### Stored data
● ● ● ●

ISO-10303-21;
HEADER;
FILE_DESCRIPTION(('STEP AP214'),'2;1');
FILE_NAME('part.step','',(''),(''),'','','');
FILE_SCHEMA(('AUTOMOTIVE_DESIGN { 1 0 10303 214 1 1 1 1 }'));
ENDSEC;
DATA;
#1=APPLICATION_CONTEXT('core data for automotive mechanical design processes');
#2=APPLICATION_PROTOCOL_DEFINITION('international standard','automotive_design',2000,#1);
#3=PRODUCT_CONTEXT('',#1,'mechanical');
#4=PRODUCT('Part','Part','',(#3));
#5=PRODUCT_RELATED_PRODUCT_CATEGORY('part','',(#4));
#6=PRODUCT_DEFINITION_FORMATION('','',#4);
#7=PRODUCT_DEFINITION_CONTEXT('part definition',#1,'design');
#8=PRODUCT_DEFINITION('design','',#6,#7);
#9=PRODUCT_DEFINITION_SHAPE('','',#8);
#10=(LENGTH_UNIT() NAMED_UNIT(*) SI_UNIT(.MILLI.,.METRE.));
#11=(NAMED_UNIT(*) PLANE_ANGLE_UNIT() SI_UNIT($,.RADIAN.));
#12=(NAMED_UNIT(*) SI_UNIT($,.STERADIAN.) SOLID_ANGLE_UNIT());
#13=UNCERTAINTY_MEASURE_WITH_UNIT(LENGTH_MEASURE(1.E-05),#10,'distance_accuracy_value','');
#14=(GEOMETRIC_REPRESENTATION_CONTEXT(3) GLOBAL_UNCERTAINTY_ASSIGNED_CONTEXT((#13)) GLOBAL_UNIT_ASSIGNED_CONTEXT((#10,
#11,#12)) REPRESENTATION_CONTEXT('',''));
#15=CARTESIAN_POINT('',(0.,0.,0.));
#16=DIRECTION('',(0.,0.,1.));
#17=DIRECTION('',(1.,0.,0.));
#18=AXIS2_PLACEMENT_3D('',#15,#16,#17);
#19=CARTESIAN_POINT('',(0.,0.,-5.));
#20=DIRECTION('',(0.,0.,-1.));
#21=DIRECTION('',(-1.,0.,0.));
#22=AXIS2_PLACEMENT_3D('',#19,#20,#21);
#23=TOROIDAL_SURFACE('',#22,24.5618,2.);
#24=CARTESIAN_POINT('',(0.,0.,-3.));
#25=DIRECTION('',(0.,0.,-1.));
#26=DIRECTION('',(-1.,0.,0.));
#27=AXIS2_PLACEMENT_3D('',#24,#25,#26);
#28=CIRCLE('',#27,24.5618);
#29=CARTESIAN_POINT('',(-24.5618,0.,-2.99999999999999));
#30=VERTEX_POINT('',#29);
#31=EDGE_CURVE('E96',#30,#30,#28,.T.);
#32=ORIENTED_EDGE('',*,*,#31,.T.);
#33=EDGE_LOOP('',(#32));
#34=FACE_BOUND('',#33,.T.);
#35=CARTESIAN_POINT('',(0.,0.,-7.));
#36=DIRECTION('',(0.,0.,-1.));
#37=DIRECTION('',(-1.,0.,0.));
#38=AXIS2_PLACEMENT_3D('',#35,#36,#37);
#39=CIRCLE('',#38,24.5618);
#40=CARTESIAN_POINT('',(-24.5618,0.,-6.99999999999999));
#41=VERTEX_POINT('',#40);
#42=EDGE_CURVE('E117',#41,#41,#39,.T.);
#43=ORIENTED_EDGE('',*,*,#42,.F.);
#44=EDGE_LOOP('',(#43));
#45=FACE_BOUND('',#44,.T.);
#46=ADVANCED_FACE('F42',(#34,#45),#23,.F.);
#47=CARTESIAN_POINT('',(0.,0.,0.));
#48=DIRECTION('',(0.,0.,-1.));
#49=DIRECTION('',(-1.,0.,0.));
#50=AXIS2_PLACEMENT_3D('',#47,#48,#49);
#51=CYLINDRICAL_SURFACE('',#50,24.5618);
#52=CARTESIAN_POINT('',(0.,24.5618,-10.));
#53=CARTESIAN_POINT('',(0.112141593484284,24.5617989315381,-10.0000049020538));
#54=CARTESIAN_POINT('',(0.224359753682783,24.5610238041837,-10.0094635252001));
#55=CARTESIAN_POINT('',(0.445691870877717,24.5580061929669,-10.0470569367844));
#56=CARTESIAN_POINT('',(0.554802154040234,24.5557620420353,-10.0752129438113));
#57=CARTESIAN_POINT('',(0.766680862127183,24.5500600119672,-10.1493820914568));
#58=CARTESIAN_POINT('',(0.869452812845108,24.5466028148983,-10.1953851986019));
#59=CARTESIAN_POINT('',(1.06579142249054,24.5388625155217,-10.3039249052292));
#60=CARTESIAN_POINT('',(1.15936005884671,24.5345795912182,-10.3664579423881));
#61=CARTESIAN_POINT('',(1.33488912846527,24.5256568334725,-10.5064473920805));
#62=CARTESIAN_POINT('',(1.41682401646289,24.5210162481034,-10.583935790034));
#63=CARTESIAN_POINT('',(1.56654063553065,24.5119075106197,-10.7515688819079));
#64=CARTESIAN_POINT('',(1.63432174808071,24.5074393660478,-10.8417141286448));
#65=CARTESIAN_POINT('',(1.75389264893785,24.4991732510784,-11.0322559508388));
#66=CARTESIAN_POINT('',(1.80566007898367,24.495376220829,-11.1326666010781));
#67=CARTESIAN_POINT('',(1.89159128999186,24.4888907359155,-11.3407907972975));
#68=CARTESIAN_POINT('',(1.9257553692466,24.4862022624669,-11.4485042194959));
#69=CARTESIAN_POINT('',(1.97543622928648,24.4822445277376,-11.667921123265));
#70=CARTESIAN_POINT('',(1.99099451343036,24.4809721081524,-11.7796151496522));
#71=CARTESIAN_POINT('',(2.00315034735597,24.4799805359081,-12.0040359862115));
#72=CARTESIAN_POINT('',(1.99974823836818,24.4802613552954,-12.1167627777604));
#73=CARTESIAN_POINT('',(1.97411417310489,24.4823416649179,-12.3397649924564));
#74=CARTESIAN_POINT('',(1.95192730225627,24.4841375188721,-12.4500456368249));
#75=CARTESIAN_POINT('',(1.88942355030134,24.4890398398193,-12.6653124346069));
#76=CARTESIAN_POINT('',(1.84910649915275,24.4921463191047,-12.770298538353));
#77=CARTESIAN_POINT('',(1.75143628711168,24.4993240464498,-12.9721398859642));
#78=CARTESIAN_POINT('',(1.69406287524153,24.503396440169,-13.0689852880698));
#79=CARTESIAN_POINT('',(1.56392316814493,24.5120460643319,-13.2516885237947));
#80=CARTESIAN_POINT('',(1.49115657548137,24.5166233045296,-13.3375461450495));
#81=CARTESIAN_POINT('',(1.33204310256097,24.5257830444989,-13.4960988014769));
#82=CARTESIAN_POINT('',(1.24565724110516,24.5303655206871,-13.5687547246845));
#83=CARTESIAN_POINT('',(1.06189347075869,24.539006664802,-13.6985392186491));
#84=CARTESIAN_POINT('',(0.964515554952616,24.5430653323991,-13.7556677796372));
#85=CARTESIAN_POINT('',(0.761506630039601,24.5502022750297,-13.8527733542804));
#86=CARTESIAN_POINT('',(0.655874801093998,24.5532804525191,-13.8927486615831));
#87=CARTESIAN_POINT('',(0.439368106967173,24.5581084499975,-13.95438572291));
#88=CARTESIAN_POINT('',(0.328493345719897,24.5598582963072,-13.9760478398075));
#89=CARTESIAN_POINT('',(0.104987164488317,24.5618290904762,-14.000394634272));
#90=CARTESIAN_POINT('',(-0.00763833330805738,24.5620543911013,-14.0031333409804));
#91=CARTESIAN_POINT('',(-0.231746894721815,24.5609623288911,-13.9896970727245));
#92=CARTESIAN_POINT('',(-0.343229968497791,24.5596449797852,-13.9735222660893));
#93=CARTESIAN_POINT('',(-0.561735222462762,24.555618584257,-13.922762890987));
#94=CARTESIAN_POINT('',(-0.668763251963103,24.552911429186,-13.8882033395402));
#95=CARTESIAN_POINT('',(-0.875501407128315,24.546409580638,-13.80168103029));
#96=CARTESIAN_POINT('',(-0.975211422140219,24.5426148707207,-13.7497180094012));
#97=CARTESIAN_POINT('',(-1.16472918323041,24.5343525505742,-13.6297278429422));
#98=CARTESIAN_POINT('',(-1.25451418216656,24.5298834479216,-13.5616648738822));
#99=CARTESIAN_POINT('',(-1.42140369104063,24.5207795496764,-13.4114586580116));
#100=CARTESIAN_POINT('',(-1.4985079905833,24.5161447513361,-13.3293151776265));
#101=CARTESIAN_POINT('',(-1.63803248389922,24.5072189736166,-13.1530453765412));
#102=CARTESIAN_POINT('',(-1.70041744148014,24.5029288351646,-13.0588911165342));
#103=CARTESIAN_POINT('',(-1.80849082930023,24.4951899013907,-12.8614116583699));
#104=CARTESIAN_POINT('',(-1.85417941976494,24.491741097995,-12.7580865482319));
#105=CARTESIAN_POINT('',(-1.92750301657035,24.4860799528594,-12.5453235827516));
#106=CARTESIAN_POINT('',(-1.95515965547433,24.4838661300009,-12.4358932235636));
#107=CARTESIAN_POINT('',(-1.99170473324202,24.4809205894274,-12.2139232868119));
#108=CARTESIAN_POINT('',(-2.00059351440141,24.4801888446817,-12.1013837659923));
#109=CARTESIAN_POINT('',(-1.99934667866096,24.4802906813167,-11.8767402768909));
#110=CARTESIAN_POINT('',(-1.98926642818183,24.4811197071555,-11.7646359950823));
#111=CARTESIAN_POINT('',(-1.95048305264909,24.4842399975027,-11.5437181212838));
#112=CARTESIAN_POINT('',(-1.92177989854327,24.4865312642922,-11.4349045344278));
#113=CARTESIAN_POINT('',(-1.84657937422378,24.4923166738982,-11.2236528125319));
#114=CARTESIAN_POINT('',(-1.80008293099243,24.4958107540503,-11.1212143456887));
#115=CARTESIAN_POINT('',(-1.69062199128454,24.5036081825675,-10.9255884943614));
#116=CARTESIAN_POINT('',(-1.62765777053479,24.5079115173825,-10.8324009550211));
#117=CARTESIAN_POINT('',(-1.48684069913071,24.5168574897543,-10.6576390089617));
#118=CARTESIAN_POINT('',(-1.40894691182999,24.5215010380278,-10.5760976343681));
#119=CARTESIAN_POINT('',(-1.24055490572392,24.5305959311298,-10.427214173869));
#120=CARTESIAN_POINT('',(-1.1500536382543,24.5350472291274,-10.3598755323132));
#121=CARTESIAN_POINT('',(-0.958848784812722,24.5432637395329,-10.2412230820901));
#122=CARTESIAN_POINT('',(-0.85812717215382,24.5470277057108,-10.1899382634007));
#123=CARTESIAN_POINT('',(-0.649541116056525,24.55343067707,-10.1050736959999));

● ● ● ●

### Aim of the exercise
From the records above, return each line that includes "CIRCLE".

### Response area
#28=CIRCLE('',#27,24.5618);
#39=CIRCLE('',#38,24.5618);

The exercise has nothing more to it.